The proposed comprehensive research plan addresses current gaps by testing across diverse model architectures, scales, and domains with rigorous statistical validation. However, significant challenges remain: in current LLM architectures, adversarial robustness may have fundamental ceilings, computational overhead could limit practical deployment, and domain boundaries often blur in real-world scenarios. Critically, industry adoption faces additional hurdles around versatility and deployability—methods must work reliably across diverse organizational contexts, integrate seamlessly with existing infrastructure, and maintain performance under varied real-world conditions that laboratory settings cannot fully capture.
Despite these limitations, the convergent evidence supporting internal representation methods suggests that reliable LLM scoping is achievable, for example, through restrictive Mixture-of-Experts approaches we've highlighted. Success will require not just technical breakthroughs but also practical solutions for model-agnostic deployment, standardized integration protocols, and robust performance across the heterogeneous environments where organizations actually deploy AI systems.
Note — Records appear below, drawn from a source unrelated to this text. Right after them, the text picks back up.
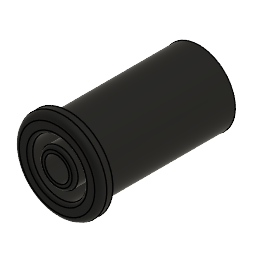
Bench power supply (Autodesk Fusion 360 archive; units mm, degrees)
design "BananaBlack"
Autodesk Fusion 360 part; units mm, degrees
sketch "Sketch1" plane through (0, 0, 0) normal (0, 1, 0) x (1, 0, 0)
  circle A0 centre (0, 0) radius 7.25
  dimension "d11" = 14.5
  constraint coincident A0.centre origin
  measures "d11" diameter of A0
extrude "Extrude1" add sketch "Sketch1" along normal blind 2
sketch "Sketch2" plane through (0, 2, 0) normal (0, 1, 0) x (-1, 0, 0)
  circle A0 centre (0, 0) radius 7.25
  circle A1 centre (0, 0) radius 6
  dimension "d14" = 12
  constraint concentric A0 A1
  measures "d14" diameter of A1
extrude "Extrude2" add sketch "Sketch2" along normal blind 21.5 contours A1
fillet "Fillet1" radius 1 1 edges at (-6.7594, 0, 2.6217)
sketch "Sketch4" plane through (0, 0, 0) normal (0, -1, 0) x (1, 0, 0)
  circle A0 centre (0, 0) radius 6.25
  circle A1 centre (0, 0) radius 2
  dimension "d26" = 4
  constraint coincident A0.centre A1.centre
  measures "d26" diameter of A1
extrude "Extrude4" cut sketch "Sketch4" against normal up to surface (23.5 mm away) contours A1
sketch "Sketch5" plane through (0, 0, 0) normal (0, -1, 0) x (1, 0, 0)
  circle A0 centre (0, 0) radius 2
  circle A1 centre (0, 0) radius 6.25
  circle A2 centre (0, 0) radius 3
  circle A3 centre (0, 0) radius 4.5
  dimension "d1" = 9
  dimension "d2" = 6
  constraint concentric A0 A2
  constraint coincident A0.centre A1.centre
  measures "d1" diameter of A3
  measures "d2" diameter of A2
extrude "Extrude5" cut sketch "Sketch5" against normal blind 10 contours A3
fillet "Fillet2" radius 0.5 2 edges at (-4.1955, 0, 1.6273) (-2.797, 0, -1.0848)
equation "d15 = 23.5 mm - 2 mm"

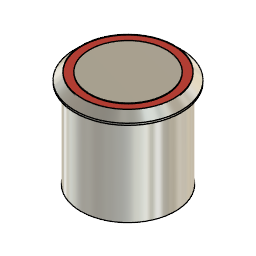
design "Anti-vandal"
Autodesk Fusion 360 part; units mm, degrees
sketch "Sketch1" plane through (0, 0, 0) normal (0, 0, 1) x (1, 0, 0)
  circle A0 centre (0, 0) radius 8
  dimension "d3" = 16
  constraint coincident A0.centre origin
  measures "d3" diameter of A0
extrude "Extrude1" add sketch "Sketch1" along normal blind 15
sketch "Sketch2" plane through (0, 0, 15) normal (0, 0, 1) x (-1, 0, 0)
  circle A0 centre (0, 0) radius 8
  circle A1 centre (0, 0) radius 9
  dimension "d4" = 18
  constraint coincident A0.centre A1.centre
  measures "d4" diameter of A1
extrude "Extrude2" add sketch "Sketch2" along normal blind 1.5 contours A0 | A1
chamfer "Chamfer1" distance 1.2 angle 45 1 edges at (8.3909, 3.2545, 16.5)
sketch "Sketch3" plane through (0, 0, 16.5) normal (0, 0, 1) x (-1, 0, 0)
  circle A0 centre (0, 0) radius 7.8
  circle A1 centre (0, 0) radius 6.5
  dimension "d10" = 13
  constraint concentric A0 A1
  measures "d10" diameter of A1
extrude "Extrude3" cut sketch "Sketch3" against normal blind 0.1

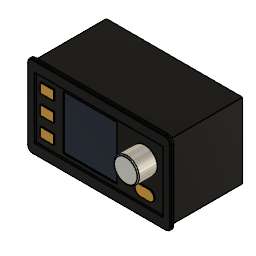
design "DPS5005"
Autodesk Fusion 360 part; units mm, degrees
sketch "Sketch7" plane through (0, 0, 0) normal (0, -1, 0) x (1, 0, 0)
  line L0 (-35.442, 76.9329) -> (35.558, 76.9329)
  line L1 (-35.442, 37.9329) -> (-35.442, 76.9329)
  line L2 (35.558, 37.9329) -> (-35.442, 37.9329)
  line L3 (35.558, 76.9329) -> (35.558, 37.9329)
extrude "Extrude2" add sketch "Sketch7" against normal blind 38
sketch "Sketch8" plane through (0, 0, 0) normal (0, -1, 0) x (1, 0, 0)
  line L0 (35.558, 76.9329) -> (-35.442, 76.9329)
  line L1 (-35.442, 76.9329) -> (-35.442, 37.9329)
  line L2 (-35.442, 37.9329) -> (35.558, 37.9329)
  line L3 (35.558, 37.9329) -> (35.558, 76.9329)
  line L4 (-37.442, 35.9329) -> (37.558, 35.9329)
  line L5 (37.558, 35.9329) -> (37.558, 78.9329)
  line L6 (37.558, 78.9329) -> (-37.442, 78.9329)
  line L7 (-37.442, 78.9329) -> (-37.442, 35.9329)
  dimension "d62" = 2
extrude "Extrude3" add sketch "Sketch8" along normal blind 1.5 contours L0 L1 L2 L3 | L4 L5 L6 L7
fillet "Fillet1" radius 3 4 edges at (-37.442, -0.75, 78.9329) (-37.442, -0.75, 35.9329) (37.558, -0.75, 35.9329) (37.558, -0.75, 78.9329)
fillet "Fillet2" radius 0.5 1 faces at (11.558, -1.5, 64.5996)
sketch "Sketch9" plane through (0, -1.5, 0) normal (0, -1, 0) x (1, 0, 0)
  arc A0 (37.058, 75.9329) -> (34.558, 78.4329) centre (34.558, 75.9329) ccw
  line L0 (34.558, 78.4329) -> (-34.442, 78.4329)
  arc A1 (-34.442, 78.4329) -> (-36.942, 75.9329) centre (-34.442, 75.9329) ccw
  line L1 (-36.942, 75.9329) -> (-36.942, 38.9329)
  arc A2 (-36.942, 38.9329) -> (-34.442, 36.4329) centre (-34.442, 38.9329) ccw
  line L2 (-34.442, 36.4329) -> (34.558, 36.4329)
  arc A3 (34.558, 36.4329) -> (37.058, 38.9329) centre (34.558, 38.9329) ccw
  line L3 (37.058, 38.9329) -> (37.058, 75.9329)
  line L4 (0.058, 78.4329) -> (0.058, 36.4329) construction
  line L5 (33.558, 73.4329) -> (-33.442, 73.4329)
  line L6 (-33.442, 73.4329) -> (-33.442, 41.4329)
  line L7 (-33.442, 41.4329) -> (33.558, 41.4329)
  line L8 (33.558, 41.4329) -> (33.558, 73.4329)
  line L9 (33.558, 73.4329) -> (-33.442, 41.4329) construction
  line L10 (-33.442, 73.4329) -> (33.558, 41.4329) construction
  point P0 (0.058, 57.4329)
  dimension "d5" = 67
  dimension "d6" = 32
  constraint midpoint L0 L4.start
  constraint midpoint L2 L4.end
  constraint horizontal L5
  constraint perpendicular L5 L6
  constraint parallel L5 L7
  constraint parallel L6 L8
  constraint coincident L9 P0
  constraint coincident L10 P0
  constraint midpoint L4 P0
  measures "d5" distance of L5.start L5.end
  measures "d6" distance of L5.start L7.end
extrude "Extrude4" cut sketch "Sketch9" against normal blind 1 contours L5 L6 L7 L8
sketch "Sketch10" plane through (0, -0.5, 0) normal (0, -1, 0) x (1, 0, 0)
  line L0 (33.558, 41.4329) -> (33.558, 73.4329)
  line L1 (33.558, 73.4329) -> (-33.442, 73.4329)
  line L2 (-33.442, 73.4329) -> (-33.442, 41.4329)
  line L3 (-33.442, 41.4329) -> (33.558, 41.4329)
  line L4 (-19.442, 71.4329) -> (8.558, 71.4329)
  line L5 (8.558, 71.4329) -> (8.558, 43.4329)
  line L6 (8.558, 43.4329) -> (-19.442, 43.4329)
  line L7 (-19.442, 43.4329) -> (-19.442, 71.4329)
  dimension "d9" = 28
  dimension "d10" = 28
  dimension "d11" = 14
  dimension "d12" = 2
  constraint horizontal L4
  constraint vertical L5
  constraint horizontal L6
  constraint vertical L7
  measures "d9" distance of L4.start L4.end
  measures "d10" distance of L4.end L5.end
  measures "d11" distance of L2 L7
  measures "d12" distance of L1 L4
extrude "Extrude5" cut sketch "Sketch10" against normal blind 0.5 contours L4 L5 L6 L7
sketch "Sketch11" plane through (0, -0.5, 0) normal (0, -1, 0) x (1, 0, 0)
  line L0 (8.558, 71.4329) -> (8.558, 43.4329)
  line L1 (8.558, 43.4329) -> (-19.442, 43.4329)
  line L2 (-19.442, 43.4329) -> (-19.442, 71.4329)
  line L3 (-19.442, 71.4329) -> (8.558, 71.4329)
  line L4 (33.558, 41.4329) -> (33.558, 73.4329)
  line L5 (33.558, 73.4329) -> (-33.442, 73.4329)
  line L6 (-33.442, 73.4329) -> (-33.442, 41.4329)
  line L7 (-33.442, 41.4329) -> (33.558, 41.4329)
  line L8 (-27.442, 73.4329) -> (-27.442, 41.4329) construction
  line L9 (-23.942, 59.9329) -> (-30.942, 59.9329)
  line L10 (-30.942, 59.9329) -> (-30.942, 54.9329)
  line L11 (-30.942, 54.9329) -> (-23.942, 54.9329)
  line L12 (-23.942, 54.9329) -> (-23.942, 59.9329)
  line L13 (-23.942, 59.9329) -> (-30.942, 54.9329) construction
  line L14 (-30.942, 59.9329) -> (-23.942, 54.9329) construction
  line L15 (-23.942, 69.9329) -> (-30.942, 69.9329)
  line L16 (-30.942, 69.9329) -> (-30.942, 64.9329)
  line L17 (-30.942, 64.9329) -> (-23.942, 64.9329)
  line L18 (-23.942, 64.9329) -> (-23.942, 69.9329)
  line L19 (-23.942, 69.9329) -> (-30.942, 64.9329) construction
  line L20 (-30.942, 69.9329) -> (-23.942, 64.9329) construction
  line L21 (-23.942, 49.9329) -> (-30.942, 49.9329)
  line L22 (-30.942, 49.9329) -> (-30.942, 44.9329)
  line L23 (-30.942, 44.9329) -> (-23.942, 44.9329)
  line L24 (-23.942, 44.9329) -> (-23.942, 49.9329)
  line L25 (-23.942, 49.9329) -> (-30.942, 44.9329) construction
  line L26 (-30.942, 49.9329) -> (-23.942, 44.9329) construction
  line L27 (21.1522, 44.4173) -> (25.6596, 44.4173)
  arc A0 (25.6596, 44.4173) -> (25.6596, 49.9237) centre (25.6596, 47.1705) ccw
  line L28 (25.6596, 49.9237) -> (21.1522, 49.9237)
  arc A1 (21.1522, 49.9237) -> (21.1522, 44.4173) centre (21.1522, 47.1705) ccw
  line L29 (21.1522, 47.1705) -> (25.6596, 47.1705) construction
  point P0 (-27.442, 57.4329)
  point P1 (-27.442, 67.4329)
  point P2 (-27.442, 47.4329)
  dimension "d15" = 7
  dimension "d16" = 5
  dimension "d19" = 7
  dimension "d20" = 5
  dimension "d21" = 7
  dimension "d22" = 5
  dimension "d23" = 6
  dimension "d24" = 5
  dimension "d25" = 5
  constraint coincident L5 L8.start
  constraint coincident L7 L8.end
  constraint perpendicular L7 L8
  constraint horizontal L9
  constraint perpendicular L9 L10
  constraint parallel L9 L11
  constraint parallel L10 L12
  constraint coincident L13 P0
  constraint coincident L14 P0
  constraint midpoint L8 P0
  constraint horizontal L15
  constraint perpendicular L15 L16
  constraint parallel L15 L17
  constraint parallel L16 L18
  constraint coincident L19 P1
  constraint coincident L20 P1
  constraint horizontal L21
  constraint perpendicular L21 L22
  constraint parallel L21 L23
  constraint parallel L22 L24
  constraint coincident L25 P2
  constraint coincident L26 P2
  constraint coincident L8 P2
  constraint coincident L8 P1
  constraint tangent L27 A0
  constraint tangent A0 L28
  constraint parallel L27 L28
  constraint tangent L28 A1
  constraint tangent L27 A1
  constraint horizontal L29
  measures "d15" distance of L9.start L9.end
  measures "d16" distance of L9.start L11.end
  measures "d19" distance of L21.start L21.end
  measures "d20" distance of L21.start L23.end
  measures "d21" distance of L15.start L15.end
  measures "d22" distance of L15.start L17.end
  measures "d23" distance of L6 L8
  measures "d24" distance of L9 L17
  measures "d25" distance of L11 L21
extrude "Extrude6" add sketch "Sketch11" along normal blind 0.5 contours L9 L10 L11 L12 | L15 L16 L17 L18 | L21 L22 L23 L24 | L27 A0 L28 A1
sketch "Sketch12" plane through (0, -0.5, 0) normal (0, -1, 0) x (1, 0, 0)
  line L0 (-23.942, 64.9329) -> (-30.942, 64.9329)
  line L1 (-30.942, 64.9329) -> (-30.942, 69.9329)
  line L2 (-30.942, 69.9329) -> (-23.942, 69.9329)
  line L3 (-23.942, 69.9329) -> (-23.942, 64.9329)
  line L4 (-23.942, 44.9329) -> (-30.942, 44.9329)
  line L5 (-30.942, 44.9329) -> (-30.942, 49.9329)
  line L6 (-30.942, 49.9329) -> (-23.942, 49.9329)
  line L7 (-23.942, 49.9329) -> (-23.942, 44.9329)
  line L8 (-23.942, 54.9329) -> (-30.942, 54.9329)
  line L9 (-30.942, 54.9329) -> (-30.942, 59.9329)
  line L10 (-30.942, 59.9329) -> (-23.942, 59.9329)
  line L11 (-23.942, 59.9329) -> (-23.942, 54.9329)
  line L12 (8.558, 71.4329) -> (8.558, 43.4329)
  line L13 (8.558, 43.4329) -> (-19.442, 43.4329)
  line L14 (-19.442, 43.4329) -> (-19.442, 71.4329)
  line L15 (-19.442, 71.4329) -> (8.558, 71.4329)
  line L16 (33.558, 41.4329) -> (33.558, 73.4329)
  line L17 (33.558, 73.4329) -> (-33.442, 73.4329)
  line L18 (-33.442, 73.4329) -> (-33.442, 41.4329)
  line L19 (-33.442, 41.4329) -> (33.558, 41.4329)
  line L20 (23.1489, 73.4329) -> (23.1489, 41.4329) construction
  circle A0 centre (23.1489, 61.9329) radius 6.5
  line L21 (21.1522, 49.9237) -> (25.6596, 49.9237)
  arc A1 (25.6596, 44.4173) -> (25.6596, 49.9237) centre (25.6596, 47.1705) ccw
  line L22 (25.6596, 44.4173) -> (21.1522, 44.4173)
  arc A2 (21.1522, 49.9237) -> (21.1522, 44.4173) centre (21.1522, 47.1705) ccw
  dimension "d26" = 13
  dimension "d27" = 11.5
  constraint coincident L17 L20.start
  constraint coincident L19 L20.end
  constraint perpendicular L19 L20
  constraint coincident L20 A0.centre
  measures "d26" diameter of A0
  measures "d27" distance of L17 A0.centre
extrude "Extrude7" add sketch "Sketch12" along normal blind 10 contours A0
fillet "Fillet3" radius 0.5 1 edges at (17.0888, -10.5, 59.5824)

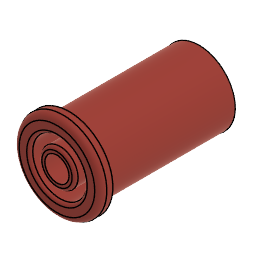
design "BananaRed"
Autodesk Fusion 360 part; units mm, degrees
sketch "Sketch1" plane through (0, 0, 0) normal (0, 1, 0) x (1, 0, 0)
  circle A0 centre (0, 0) radius 7.25
  dimension "d11" = 14.5
  constraint coincident A0.centre origin
  measures "d11" diameter of A0
extrude "Extrude1" add sketch "Sketch1" along normal blind 2
sketch "Sketch2" plane through (0, 2, 0) normal (0, 1, 0) x (-1, 0, 0)
  circle A0 centre (0, 0) radius 7.25
  circle A1 centre (0, 0) radius 6
  dimension "d14" = 12
  constraint concentric A0 A1
  measures "d14" diameter of A1
extrude "Extrude2" add sketch "Sketch2" along normal blind 21.5 contours A1
fillet "Fillet1" radius 1 1 edges at (-6.7594, 0, 2.6217)
sketch "Sketch4" plane through (0, 0, 0) normal (0, -1, 0) x (1, 0, 0)
  circle A0 centre (0, 0) radius 6.25
  circle A1 centre (0, 0) radius 2
  dimension "d26" = 4
  constraint coincident A0.centre A1.centre
  measures "d26" diameter of A1
extrude "Extrude4" cut sketch "Sketch4" against normal up to surface (23.5 mm away) contours A1
sketch "Sketch5" plane through (0, 0, 0) normal (0, -1, 0) x (1, 0, 0)
  circle A0 centre (0, 0) radius 2
  circle A1 centre (0, 0) radius 6.25
  circle A2 centre (0, 0) radius 3
  circle A3 centre (0, 0) radius 4.5
  dimension "d1" = 9
  dimension "d2" = 6
  constraint concentric A0 A2
  constraint coincident A0.centre A1.centre
  measures "d1" diameter of A3
  measures "d2" diameter of A2
extrude "Extrude5" cut sketch "Sketch5" against normal blind 10 contours A3
fillet "Fillet2" radius 0.5 2 edges at (-4.1955, 0, 1.6273) (-2.797, 0, -1.0848)
equation "d15 = 23.5 mm - 2 mm"

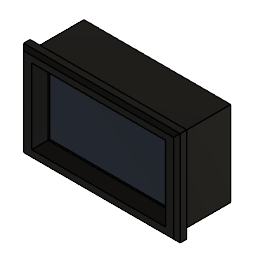
design "Meter"
Autodesk Fusion 360 part; units mm, degrees
sketch "Sketch1" plane through (0, 0, 0) normal (0, 1, 0) x (1, 0, 0)
  line L0 (24, 35.5) -> (-24, 35.5)
  line L1 (-24, 35.5) -> (-24, 64.5)
  line L2 (-24, 64.5) -> (24, 64.5)
  line L3 (24, 64.5) -> (24, 35.5)
  line L4 (24, 35.5) -> (-24, 64.5) construction
  line L5 (-24, 35.5) -> (24, 64.5) construction
  point P0 (0, 50)
  dimension "d33" = 48
  dimension "d34" = 29
  constraint horizontal L0
  constraint perpendicular L0 L1
  constraint parallel L0 L2
  constraint parallel L1 L3
  constraint coincident L4 P0
  constraint coincident L5 P0
  measures "d33" distance of L0.start L0.end
  measures "d34" distance of L0.start L2.end
extrude "Extrude1" add sketch "Sketch1" against normal blind 3
sketch "Sketch2" plane through (0, 0, 0) normal (0, 1, 0) x (-1, 0, 0)
  line L0 (-24, -64.5) -> (24, -64.5)
  line L1 (24, -64.5) -> (24, -35.5)
  line L2 (24, -35.5) -> (-24, -35.5)
  line L3 (-24, -35.5) -> (-24, -64.5)
  line L4 (22.5, -37) -> (-22.5, -37)
  line L5 (-22.5, -37) -> (-22.5, -63)
  line L6 (-22.5, -63) -> (22.5, -63)
  line L7 (22.5, -63) -> (22.5, -37)
  line L8 (22.5, -37) -> (-22.5, -63) construction
  line L9 (-22.5, -37) -> (22.5, -63) construction
  point P0 (0, -50)
  dimension "d37" = 45
  dimension "d38" = 26
  constraint horizontal L4
  constraint perpendicular L4 L5
  constraint parallel L4 L6
  constraint parallel L5 L7
  constraint coincident L8 P0
  constraint coincident L9 P0
  measures "d37" distance of L4.start L4.end
  measures "d38" distance of L4.end L5.end
extrude "Extrude2" add sketch "Sketch2" along normal blind 15 contours L4 L5 L6 L7
chamfer "Chamfer1" distance 1 angle 45 1 faces at (8, -3, -45.1667)
sketch "Sketch3" plane through (0, -3, 0) normal (0, -1, 0) x (1, 0, 0)
  line L0 (23, -36.5) -> (-23, -36.5)
  line L1 (-23, -36.5) -> (-23, -63.5)
  line L2 (-23, -63.5) -> (23, -63.5)
  line L3 (23, -63.5) -> (23, -36.5)
  line L4 (0, -36.5) -> (0, -63.5) construction
  line L5 (18, -41) -> (-18, -41)
  line L6 (-18, -41) -> (-18, -59)
  line L7 (-18, -59) -> (18, -59)
  line L8 (18, -59) -> (18, -41)
  line L9 (18, -41) -> (-18, -59) construction
  line L10 (-18, -41) -> (18, -59) construction
  point P0 (0, -50)
  dimension "d1" = 36
  dimension "d2" = 18
  constraint midpoint L0 L4.start
  constraint midpoint L2 L4.end
  constraint horizontal L5
  constraint perpendicular L5 L6
  constraint parallel L5 L7
  constraint parallel L6 L8
  constraint coincident L9 P0
  constraint coincident L10 P0
  constraint midpoint L4 P0
  measures "d1" distance of L5.start L5.end
  measures "d2" distance of L5.start L7.end
extrude "Extrude3" cut sketch "Sketch3" against normal blind 3 contours L5 L6 L7 L8
chamfer "Chamfer2" distance 2.5 angle 45 4 edges at (0, -3, -41) (-18, -3, -50) (0, -3, -59) (18, -3, -50)

We would like to thank Apart Research and lambda.ai for hosting and sponsoring the hackathon that initiated this project, as well as Adriano who was also a member of the original hackathon team. Apart Labs assisted in supporting the research, without which this work would not have been possible. Jacob Arbeid provided insightful feedback on our initial draft.
Accuracy Results for Llama 3.2 3B Instruct
Model | MMLU Stem | MMLU Humanities | MMLU Social Sciences | MMLU Other |
Vanilla Model | 0.507 | 0.670 | 0.594 | 0.659 |
Our Finetuned Model | 0.503 | 0.658 | 0.573 | 0.650 |
Using Logistic Regression Classifier Probe | 0.435 | 0.006 | 0.009 | 0.043 |
Using Rejection Prompt | 0.476 | 0.515 | 0.587 | 0.594 |
Using LLM Itself as Classifier | 0.486 | 0.545 | 0.653 | 0.665 |
Accuracy Results for Llama 3.2 1B
Model | MMLU Stem | MMLU Humanities | MMLU Social Sciences | MMLU Other |
Vanilla Model | 0.382 | 0.510 | 0.441 | 0.523 |
Our Finetuned Model | 0.370 | 0.451 | 0.385 | 0.453 |
Using Logistic Regression Classifier Probe | 0.201 | 0.007 | 0.008 | 0.023 |
Using Rejection Prompt | 0.400 | 0.446 | 0.510 | 0.530 |
Using LLM Itself as Classifier | 0.270 | 0.361 | 0.382 | 0.350 |
A context window is the text an LLM can "see" and reference when generating a response. For more information, see https://towardsdatascience.com/de-coded-understanding-context-windows-for-transformer-models-cd1baca6427e/
Prompt Injection is when new instructions are added in prompts (either via user input or from a source/document also included in an interaction), causing the model to change direction from the expected instructions. OWASP also explains prompt injection in more details.
A “Latent space” is a mathematical representation in a transformer model: after input text syllables (tokens) are each replaced with a unique number, the model converts the overall text into a sequence of “directions” (just like XY on a graph), with many layers of triggers activating on the combinations of those directions.
A “block” being a transformer block which is one of the foundational building pieces of the Transformer architecture. It’s main two components are 1.) The Multi-Head Attention Mechanism 2.) A fully connected neural network. Other important pieces include residual connection and layer normalization. For a more complete explanation see the original paper “Attention is All You Need” or the useful explainer.